WHAT YOU ARE ASKED TO DO: Pull every line holding the word "dxfattribs" from the data below and copy it.

[Recorded data]
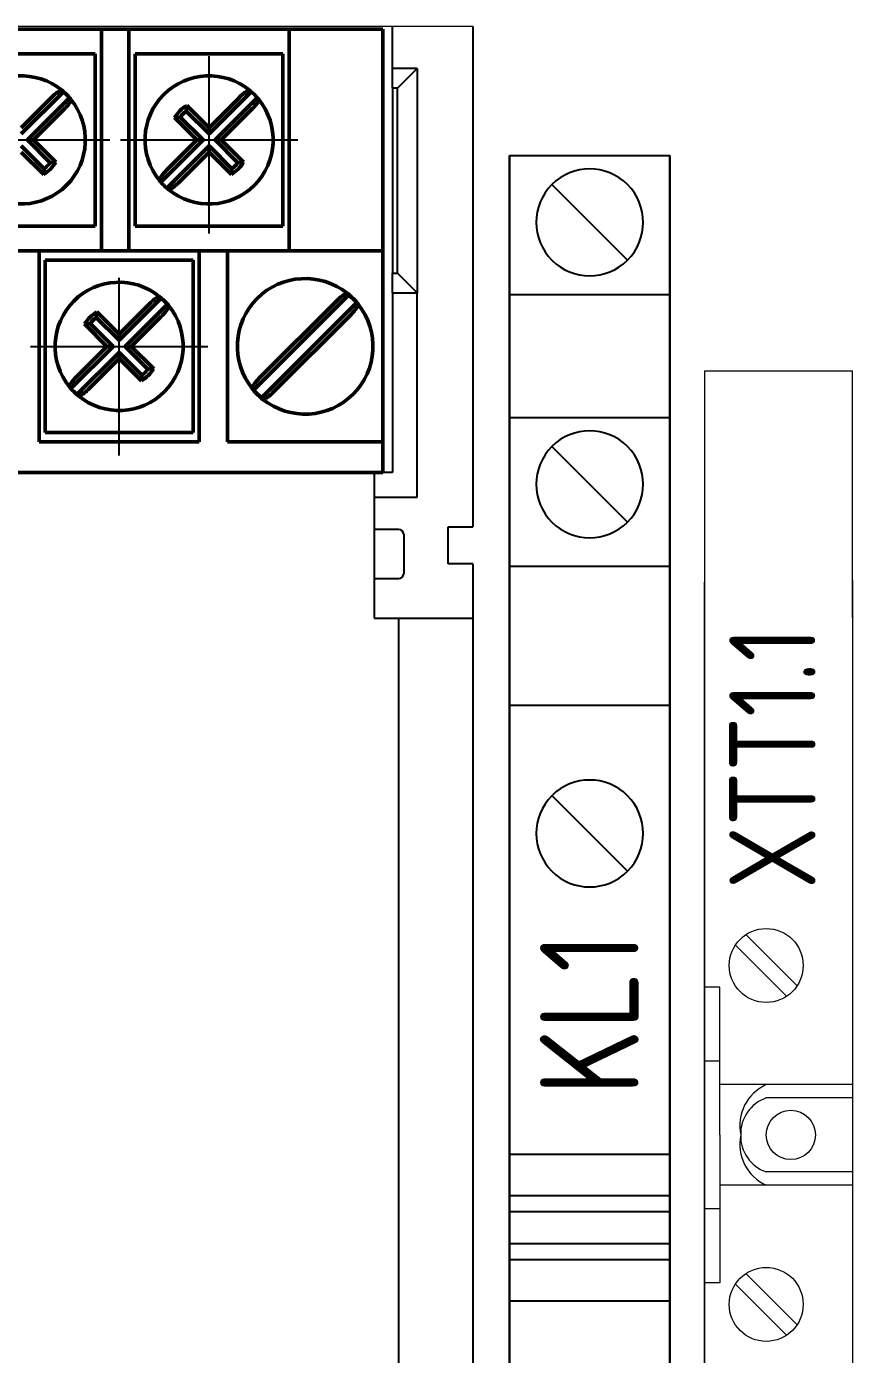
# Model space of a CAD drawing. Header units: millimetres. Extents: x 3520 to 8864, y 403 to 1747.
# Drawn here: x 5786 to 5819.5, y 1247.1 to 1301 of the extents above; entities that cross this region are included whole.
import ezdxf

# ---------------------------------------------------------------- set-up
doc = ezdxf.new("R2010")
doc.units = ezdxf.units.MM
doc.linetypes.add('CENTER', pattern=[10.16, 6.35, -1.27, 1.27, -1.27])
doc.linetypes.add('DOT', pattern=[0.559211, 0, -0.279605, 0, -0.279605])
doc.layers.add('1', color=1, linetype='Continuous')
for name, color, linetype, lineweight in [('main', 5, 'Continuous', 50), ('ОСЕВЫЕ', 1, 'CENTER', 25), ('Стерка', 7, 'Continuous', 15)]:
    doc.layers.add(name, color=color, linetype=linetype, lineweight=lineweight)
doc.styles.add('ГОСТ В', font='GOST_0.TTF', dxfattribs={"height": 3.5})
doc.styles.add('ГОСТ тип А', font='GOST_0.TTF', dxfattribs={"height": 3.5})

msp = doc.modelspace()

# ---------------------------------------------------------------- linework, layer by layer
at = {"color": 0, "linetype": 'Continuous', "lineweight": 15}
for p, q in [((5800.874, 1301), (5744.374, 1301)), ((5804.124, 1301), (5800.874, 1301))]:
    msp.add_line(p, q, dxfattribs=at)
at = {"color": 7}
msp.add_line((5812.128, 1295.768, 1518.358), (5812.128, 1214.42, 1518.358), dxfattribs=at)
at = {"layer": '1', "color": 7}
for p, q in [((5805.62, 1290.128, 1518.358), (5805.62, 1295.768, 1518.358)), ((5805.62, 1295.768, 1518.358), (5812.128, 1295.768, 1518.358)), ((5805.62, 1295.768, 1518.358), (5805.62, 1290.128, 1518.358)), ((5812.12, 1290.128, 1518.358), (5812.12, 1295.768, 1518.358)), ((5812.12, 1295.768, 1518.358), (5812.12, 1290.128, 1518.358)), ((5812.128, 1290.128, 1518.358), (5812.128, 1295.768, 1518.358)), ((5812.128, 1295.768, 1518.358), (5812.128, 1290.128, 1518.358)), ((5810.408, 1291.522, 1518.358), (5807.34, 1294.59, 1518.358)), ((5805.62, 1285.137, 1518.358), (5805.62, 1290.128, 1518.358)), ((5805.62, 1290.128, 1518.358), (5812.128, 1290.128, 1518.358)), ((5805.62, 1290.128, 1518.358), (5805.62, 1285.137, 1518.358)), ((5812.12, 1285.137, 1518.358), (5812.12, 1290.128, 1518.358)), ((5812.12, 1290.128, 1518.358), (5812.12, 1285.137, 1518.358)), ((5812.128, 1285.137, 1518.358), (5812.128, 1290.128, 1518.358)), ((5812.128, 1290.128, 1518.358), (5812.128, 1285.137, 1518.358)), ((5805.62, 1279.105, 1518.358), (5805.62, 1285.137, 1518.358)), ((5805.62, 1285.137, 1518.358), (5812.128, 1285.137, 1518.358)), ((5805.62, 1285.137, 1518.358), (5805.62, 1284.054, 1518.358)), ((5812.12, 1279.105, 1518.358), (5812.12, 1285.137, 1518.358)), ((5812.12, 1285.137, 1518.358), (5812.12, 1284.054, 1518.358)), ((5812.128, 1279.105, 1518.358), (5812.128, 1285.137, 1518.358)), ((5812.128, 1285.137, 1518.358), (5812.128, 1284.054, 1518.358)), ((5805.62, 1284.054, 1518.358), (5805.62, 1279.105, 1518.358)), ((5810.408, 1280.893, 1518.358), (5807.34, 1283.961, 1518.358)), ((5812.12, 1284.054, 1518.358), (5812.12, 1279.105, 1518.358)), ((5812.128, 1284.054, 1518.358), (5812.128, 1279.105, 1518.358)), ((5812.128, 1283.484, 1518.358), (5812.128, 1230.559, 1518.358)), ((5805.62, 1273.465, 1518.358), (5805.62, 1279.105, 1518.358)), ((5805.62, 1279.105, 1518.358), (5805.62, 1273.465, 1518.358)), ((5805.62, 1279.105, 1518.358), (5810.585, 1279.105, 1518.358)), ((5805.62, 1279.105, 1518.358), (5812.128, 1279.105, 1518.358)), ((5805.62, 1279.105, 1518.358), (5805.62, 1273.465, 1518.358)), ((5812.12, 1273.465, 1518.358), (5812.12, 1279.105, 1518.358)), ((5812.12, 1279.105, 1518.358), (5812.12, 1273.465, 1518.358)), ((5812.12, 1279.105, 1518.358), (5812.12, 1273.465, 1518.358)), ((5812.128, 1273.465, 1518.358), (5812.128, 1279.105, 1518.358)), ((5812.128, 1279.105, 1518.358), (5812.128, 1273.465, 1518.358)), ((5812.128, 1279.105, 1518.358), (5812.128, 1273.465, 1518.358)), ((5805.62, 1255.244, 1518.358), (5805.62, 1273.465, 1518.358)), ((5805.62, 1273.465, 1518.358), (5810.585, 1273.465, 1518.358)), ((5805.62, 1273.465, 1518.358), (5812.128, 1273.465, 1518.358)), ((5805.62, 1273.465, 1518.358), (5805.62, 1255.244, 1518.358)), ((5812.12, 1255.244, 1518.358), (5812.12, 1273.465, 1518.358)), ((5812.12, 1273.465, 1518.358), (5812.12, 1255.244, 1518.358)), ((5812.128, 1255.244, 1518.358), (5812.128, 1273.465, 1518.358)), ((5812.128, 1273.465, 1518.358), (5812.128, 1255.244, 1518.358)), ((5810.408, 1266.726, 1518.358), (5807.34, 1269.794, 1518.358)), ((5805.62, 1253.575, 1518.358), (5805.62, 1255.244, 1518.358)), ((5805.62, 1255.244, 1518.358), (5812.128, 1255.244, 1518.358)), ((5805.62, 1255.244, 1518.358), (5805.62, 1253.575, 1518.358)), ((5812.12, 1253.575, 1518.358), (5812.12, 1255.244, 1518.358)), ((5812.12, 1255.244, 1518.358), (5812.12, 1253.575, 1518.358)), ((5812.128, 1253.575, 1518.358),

TASK RESULT:
doc.styles.add('ГОСТ В', font='GOST_0.TTF', dxfattribs={"height": 3.5})
doc.styles.add('ГОСТ тип А', font='GOST_0.TTF', dxfattribs={"height": 3.5})
    msp.add_line(p, q, dxfattribs=at)
msp.add_line((5812.128, 1295.768, 1518.358), (5812.128, 1214.42, 1518.358), dxfattribs=at)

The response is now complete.